Note that we made this method static and had it take as a parameter the domain object. We made the method static because the domain object is only ever created once the generateDomain method is called and that method can produce different Domain objects each time it is called. (Although not especially important for our example, this is useful if you have parameterizable domains.) Since ObjectInstance objects have to belong to a specific ObjectClass, we have to have the have the corresponding domain object from which to retrieve the ObjectClass.

In addition to taking an ObjectClass, the ObjectInstance constructor also takes as a parameter the name or identifier of the object instance. This name will be used to identify the object from other objects in the state and to further disambiguate it from multiple objects of the same class. This name is also what will be passed to the PropositionalFunction isTrue method parameters and for actions that are parameterized to objects (though in our Grid World, our Actions are not parameterized).

Lets now add a main method that we will launch into to test our domain. To do the testing, we will make use the TerminalExplorer which lets us act as the agent through the command line. Create the main method as shown below.

public static void main(String [] args){
		
	ExampleGridWorld gen = new ExampleGridWorld();
	Domain domain = gen.generateDomain();
	
	State initialState = ExampleGridWorld.getExampleState(domain);
	
	TerminalExplorer exp = new TerminalExplorer(domain);
	exp.exploreFromState(initialState);
	
	
}
				

When you run main in the command line/terminal you should see a print out describing the example state. If you now type the name of an action (such as "north") and hit enter, it will change state and print out the new state. Remember that our actions are stochastic, so 20% of the time you'll find yourself going in a different direction!
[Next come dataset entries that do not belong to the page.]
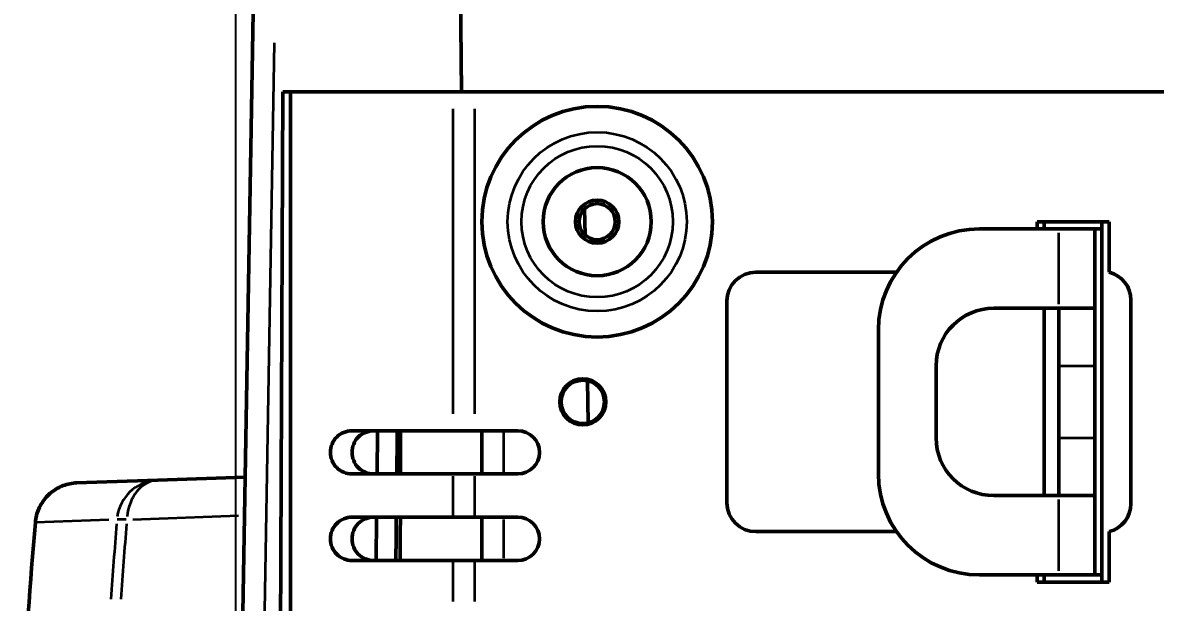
# Model space of a CAD drawing. Header units: millimetres. Extents: x 40 to 2195, y 40 to 1687.
# Drawn here: x 995.8 to 1074.3, y 366.6 to 406.8 of the extents above; entities that cross this region are included whole.
import ezdxf

# ---------------------------------------------------------------- set-up
doc = ezdxf.new("R2010")
doc.units = ezdxf.units.MM
doc.header["$LTSCALE"] = 8
for name, color, linetype, lineweight in [('Dimension (ISO)', 7, 'Continuous', 25), ('Visible (ISO)', 7, 'Continuous', 50), ('Visible Narrow (ISO)', 7, 'Continuous', 35)]:
    doc.layers.add(name, color=color, linetype=linetype, lineweight=lineweight)
doc.styles.add('Note Text (ANSI)', font='tahoma.ttf')
doc.dimstyles.new('Default (ISO)', dxfattribs={"dimscale": 8, "dimtxt": 1, "dimasz": 2.5, "dimexe": 3.175, "dimexo": 0, "dimgap": 0.762, "dimtad": 1, "dimrnd": 1e-08, "dimzin": 0, "dimdsep": 46, "dimtxsty": 'Note Text (ANSI)', "dimcen": 0.09, "dimdle": 10, "dimclrd": 1, "dimclre": 1, "dimclrt": 1, "dimazin": 0, "dimtfac": 3.5052, "dimtmove": 0, "dimatfit": 3, "dimfxl": 1, "dimtolj": 1, "dimtzin": 0, "dimlwd": -1, "dimlwe": -1, "dimarcsym": 0})

# ---------------------------------------------------------------- blocks, each defined once
blk = doc.blocks.new('*D14')
at = {"layer": 'Defpoints', "color": 0, "transparency": 16777216}
for p in [(1224.66, 453.895), (1010.54, 338.249), (1224.66, 338.249)]:
    blk.add_point(p, dxfattribs=at)
at = {"layer": 'Dimension (ISO)', "color": 1, "transparency": 16777216}
for p, q in [((1010.54, 338.249), (1010.54, 479.295)), ((1224.66, 338.249), (1224.66, 479.295)), ((1030.54, 453.895), (1204.66, 453.895))]:
    blk.add_line(p, q, dxfattribs=at)
for points in [[(1030.54, 457.228), (1030.54, 450.561), (1010.54, 453.895)], [(1204.66, 457.228), (1204.66, 450.561), (1224.66, 453.895)]]:
    blk.add_solid(points, dxfattribs=at)
at = {"layer": 'Dimension (ISO)', "color": 1, "transparency": 16777216, "insert": (1065.041, 470.457), "char_height": 8, "attachment_point": 1, "style": 'Note Text (ANSI)'}
blk.add_mtext('\\A1;214.12 mm [8.430 in]', dxfattribs=at)

msp = doc.modelspace()

# ---------------------------------------------------------------- linework, layer by layer
at = {"layer": 'Visible (ISO)'}
for p, q in [((1010.54, 338.249), (1011.776, 408.932)), ((1026.113, 409.011), (1026.202, 401.999)), ((1013.537, 338.249), (1013.815, 401.999)), ((1026.202, 401.999), (1013.815, 401.999)), ((1014.342, 273.999), (1014.342, 401.999)), ((1026.202, 401.999), (1208.998, 401.999)), ((1034.724, 393.891), (1034.756, 392.077)), ((1066.1, 392.999), (1066.1, 392.499)), ((1071.1, 392.999), (1066.1, 392.999)), ((1066.6, 392.999), (1066.6, 392.499)), ((1070.6, 367.999), (1070.6, 392.999)), ((1071.1, 389.499), (1071.1, 392.999)), ((1067.6, 392.499), (1062.1, 392.499)), ((1067.6, 392.499), (1070.1, 392.499)), ((1070.1, 386.999), (1070.1, 392.499)), ((1070.1, 392.499), (1070.6, 392.499)), ((1056.355, 389.499), (1046.6, 389.499)), ((1044.6, 387.499), (1044.6, 373.499)), ((1072.6, 373.435), (1072.6, 387.562)), ((1067.6, 386.999), (1063.1, 386.999)), ((1066.6, 386.999), (1066.6, 373.999)), ((1067.6, 382.999), (1067.6, 386.999)), ((1067.6, 386.999), (1070.1, 386.999)), ((1070.1, 386.999), (1070.1, 382.999)), ((1055.1, 385.499), (1055.1, 375.499)), ((1059.1, 377.999), (1059.1, 382.999)), ((1067.6, 382.999), (1067.6, 377.999)), ((1070.1, 382.999), (1070.1, 377.999)), ((1034.933, 381.961), (1034.983, 379.049)), ((1025.6, 378.499), (1018.6, 378.499)), ((1020.336, 375.499), (1020.362, 378.499)), ((1025.6, 378.499), (1027.1, 378.499)), ((1027.1, 378.499), (1030.1, 378.499)), ((1027.6, 378.499), (1027.6, 375.499)), ((1067.6, 373.999), (1067.6, 377.999)), ((1070.1, 377.999), (1070.1, 373.999)), ((1025.6, 375.499), (1018.6, 375.499)), ((1025.6, 375.499), (1027.1, 375.499)), ((1027.1, 375.499), (1030.1, 375.499)), ((999.53, 374.879), (1000.184, 374.902)), ((1000.184, 374.902), (1005.146, 375.075)), ((1005.146, 375.075), (1011.188, 375.286)), ((1005.146, 375.075), (1005.146, 375.075)), ((1005.146, 375.075), (1005.146, 375.075)), ((1067.6, 373.999), (1063.1, 373.999)), ((1067.6, 373.999), (1070.1, 373.999)), ((1070.1, 368.499), (1070.1, 373.999)), ((1025.6, 372.499), (1018.6, 372.499)), ((1020.283, 369.499), (1020.309, 372.499)), ((1025.6, 372.499), (1027.1, 372.499)), ((1027.1, 372.499), (1030.1, 372.499)), ((1027.6, 372.499), (1027.6, 369.499)), ((1046.6, 371.499), (1056.355, 371.499)), ((1071.1, 367.999), (1071.1, 371.499)), ((1025.6, 369.499), (1018.6, 369.499)), ((1025.6, 369.499), (1027.1, 369.499)), ((1027.1, 369.499), (1030.1, 369.499)), ((1062.1, 368.499), (1067.6, 368.499)), ((1066.1, 368.499), (1066.1, 367.999)), ((1066.6, 368.499), (1066.6, 367.999)), ((1067.6, 368.499), (1070.1, 368.499)), ((1070.6, 368.499), (1070.1, 368.499)), ((1066.1, 367.999), (1071.1, 367.999))]:
    msp.add_line(p, q, dxfattribs=at)
for centre, radius in [((1035.6, 392.999), 8), ((1035.6, 392.999), 3.75), ((1035.6, 392.999), 1.5), ((1035.6, 392.999), 1.25), ((1034.6, 380.499), 1.6), ((1034.6, 380.499), 1.5)]:
    msp.add_circle(centre, radius, dxfattribs=at)
for centre, radius, start, end in [((1062.1, 385.499), 7, 90, 180), ((1046.6, 387.499), 2, 90, 180), ((1070.6, 387.562), 2, 0, 75.52249), ((1063.1, 382.999), 4, 90, 180), ((1030.1, 376.999), 1.5, 270, 90), ((1063.1, 377.999), 4, 180, 270), ((1062.1, 375.499), 7, 180, 270), ((1005.251, 372.077), 3, 92.00002, 92.05418), ((1046.6, 373.499), 2, 180, 270), ((1070.6, 373.435), 2, 284.47751, 0), ((1030.1, 370.999), 1.5, 270, 90), ((1395.186, 337.999), 400, 175.10414, 176.91759)]:
    msp.add_arc(centre, radius, start, end, dxfattribs=at)
for centre, major_axis, ratio, start_param, end_param in [((1195.529, -5431.359), (67.906, -11372.355), 0.014205, 4.176101, 4.176408), ((1005.251, 372.077), (-0.105, 2.998), 0.755187, 6.283133, 6.283185), ((1195.529, -5431.359), (67.906, -11372.355), 0.014205, 4.176715, 4.177022)]:
    msp.add_ellipse(centre, major_axis=major_axis, ratio=ratio, start_param=start_param, end_param=end_param, dxfattribs=at)
for points, degree in [([(1018.6, 378.499), (1018.207, 378.498), (1017.425, 378.175), (1016.938, 376.999), (1017.425, 375.823), (1018.207, 375.5), (1018.6, 375.499)], 3), ([(1020.1, 378.499), (1019.707, 378.498), (1018.925, 378.175), (1018.438, 376.999), (1018.925, 375.823), (1019.707, 375.5), (1020.1, 375.499)], 3), ([(1021.739, 378.499), (1021.723, 376.999), (1021.707, 375.499)], 2), ([(1018.6, 372.499), (1018.207, 372.498), (1017.425, 372.175), (1016.938, 370.999), (1017.425, 369.823), (1018.207, 369.5), (1018.6, 369.499)], 3), ([(1020.1, 372.499), (1019.707, 372.498), (1018.925, 372.175), (1018.438, 370.999), (1018.925, 369.823), (1019.707, 369.5), (1020.1, 369.499)], 3), ([(1021.675, 372.499), (1021.659, 370.999), (1021.643, 369.499)], 2)]:
    msp.add_open_spline(points, degree=degree, dxfattribs=at)
msp.add_open_spline([(996.646, 372.137), (996.674, 372.46), (996.755, 372.782), (997.012, 373.371), (997.188, 373.646), (997.614, 374.12), (997.868, 374.326), (998.421, 374.643), (998.727, 374.758), (999.201, 374.854), (999.366, 374.873), (999.53, 374.879)], degree=3, knots=[0, 0, 0, 0, 0.0972245, 0.0972245, 0.1927568, 0.1927568, 0.2883498, 0.2883498, 0.3839406, 0.3839406, 0.4334187, 0.4334187, 0.4334187, 0.4334187], dxfattribs=at)
at = {"layer": 'Visible Narrow (ISO)'}
for p, q in [((1013.214, 405.415), (1012.102, 341.784)), ((1025.6, 400.824), (1025.6, 379.674)), ((1027.1, 400.824), (1027.1, 379.674)), ((1067.6, 387.274), (1067.6, 392.224)), ((1067.725, 382.999), (1069.975, 382.999)), ((1029.1, 378.349), (1029.1, 375.649)), ((1067.725, 377.999), (1069.975, 377.999)), ((1025.6, 375.349), (1025.6, 372.649)), ((1027.1, 375.349), (1027.1, 372.649)), ((1067.6, 368.774), (1067.6, 373.724)), ((1001.748, 372.315), (996.66, 372.137)), ((1003.397, 372.349), (1010.734, 372.607)), ((1029.1, 372.349), (1029.1, 369.649)), ((1025.6, 369.349), (1025.6, 366.649)), ((1027.1, 369.349), (1027.1, 366.649))]:
    msp.add_line(p, q, dxfattribs=at)
for radius in [6.207, 5.246]:
    msp.add_circle((1035.6, 392.999), radius, dxfattribs=at)
for centre, major_axis, ratio, start_param, end_param in [((1005.251, 372.077), (-0.105, 2.998), 0.987539, 0.073407, 1.377906), ((1005.251, 372.077), (-0.105, 2.998), 0.755187, 0.072923, 1.38554), ((1005.251, 372.077), (-2.99, 0.243), 0.037604, 5.60083, 6.098543), ((1350.163, 337.989), (-0.063, 384.941), 0.907298, 1.482064, 1.495674), ((1350.652, 337.99), (-0.055, 385.136), 0.90631, 1.482131, 1.495759)]:
    msp.add_ellipse(centre, major_axis=major_axis, ratio=ratio, start_param=start_param, end_param=end_param, dxfattribs=at)

# ---------------------------------------------------------------- dimensions: what is measured, and where the dimension line sits
at = {"layer": 'Dimension (ISO)', "color": 1, "true_color": 0xff0000}
dim = msp.add_linear_dim(base=(1224.66, 453.895), p1=(1010.54, 338.249), p2=(1224.66, 338.249), angle=180, text='<> mm [8.430 in]', dimstyle='Default (ISO)', override={"dimgap": 0.762, "dimdec": 2, "dimpost": '', "dimtol": 0, "dimlim": 0, "dimtp": 0, "dimtm": 0, "dimtdec": 2, "dimtofl": 0, "dimatfit": 1}, dxfattribs=at)
dim.commit()
dim.dimension.update_dxf_attribs({"geometry": '*D14', "text_midpoint": (1117.6, 453.895), "dimtype": 160})

doc.saveas('drawing.dxf')

While using the TerminalExplorer works for all domains that you might create, as your domains get more complex it be can be difficult to make sense of them from text alone. Having a visualizer makes understanding what's happening in your domain much easier. Furthermore, you can reuse a visualizer not just for interacting in the world yourself, but for visualizing results of learning and planning algorithms. In the next sections, we will walk through how to create a state visualizer for this domain.